> Data listing:
Segment Open
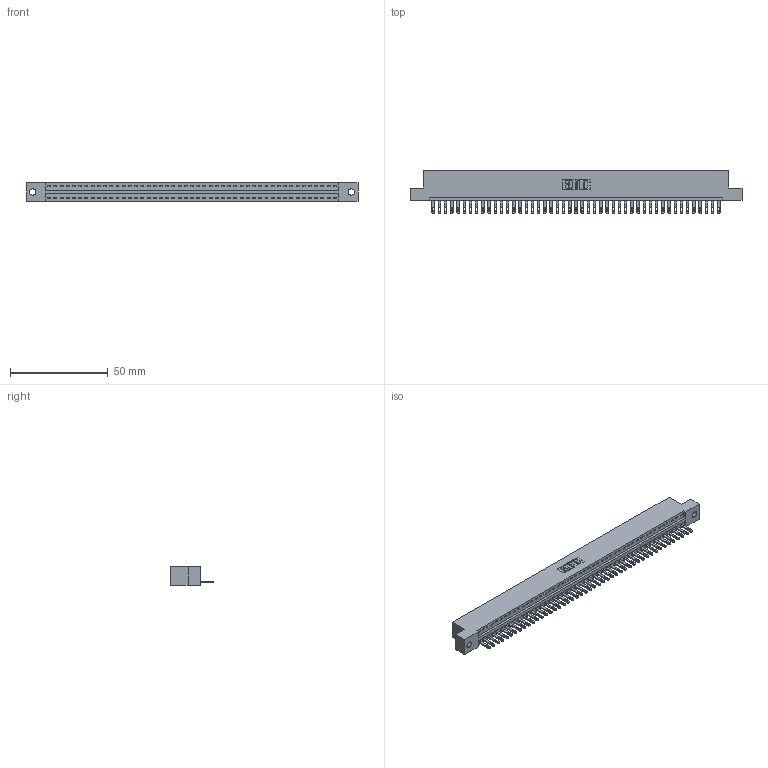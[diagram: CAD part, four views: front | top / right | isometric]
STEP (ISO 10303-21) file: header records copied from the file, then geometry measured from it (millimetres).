
FILE_DESCRIPTION (( 'STEP AP203' ), '1' );
FILE_NAME ('346-047-500-102.STEP', '2022-05-09T20:58:16', ( '' ), ( '' ), 'SwSTEP 2.0', 'SolidWorks 2020', '' );
FILE_SCHEMA (( 'CONFIG_CONTROL_DESIGN' ));
Length unit declared in the file: inch
Products named in the file (3): 346-047-500-102; 345-292-001_345-293-100; 346 Part_Flush Mounting Lugs - 0.128 Dia
Assembly tree (48 placements, depth 2):
  346-047-500-102
    346 Part_Flush Mounting Lugs - 0.128 Dia
    345-292-001_345-293-100  x47
Bounding box: 169.8 x 21.84 x 9.4 mm (x, y, z)
Volume: 16280.4 mm3; surface area: 20240.6 mm2
Topology: 48 solids, 48 shells, 2660 faces, 8225 edges, 5482 vertices
Faces by surface type: plane 1674, cylinder 986
Entity records: 28429 total; most frequent: CARTESIAN_POINT 4877, ORIENTED_EDGE 4858, DIRECTION 4299, EDGE_CURVE 2429, VECTOR 2105, LINE 2105, VERTEX_POINT 1618, AXIS2_PLACEMENT_3D 1097
Segment Closed
> Assignment: Restate word for word the lines above, beginning with the one that contains "STEP (ISO 10303-21)" and ending with the last line.

> Response area:
STEP (ISO 10303-21) file: header records copied from the file, then geometry measured from it (millimetres).
FILE_DESCRIPTION (( 'STEP AP203' ), '1' );
FILE_NAME ('346-047-500-102.STEP', '2022-05-09T20:58:16', ( '' ), ( '' ), 'SwSTEP 2.0', 'SolidWorks 2020', '' );
FILE_SCHEMA (( 'CONFIG_CONTROL_DESIGN' ));
Length unit declared in the file: inch
Products named in the file (3): 346-047-500-102; 345-292-001_345-293-100; 346 Part_Flush Mounting Lugs - 0.128 Dia
Assembly tree (48 placements, depth 2):
  346-047-500-102
    346 Part_Flush Mounting Lugs - 0.128 Dia
    345-292-001_345-293-100  x47
Bounding box: 169.8 x 21.84 x 9.4 mm (x, y, z)
Volume: 16280.4 mm3; surface area: 20240.6 mm2
Topology: 48 solids, 48 shells, 2660 faces, 8225 edges, 5482 vertices
Faces by surface type: plane 1674, cylinder 986
Entity records: 28429 total; most frequent: CARTESIAN_POINT 4877, ORIENTED_EDGE 4858, DIRECTION 4299, EDGE_CURVE 2429, VECTOR 2105, LINE 2105, VERTEX_POINT 1618, AXIS2_PLACEMENT_3D 1097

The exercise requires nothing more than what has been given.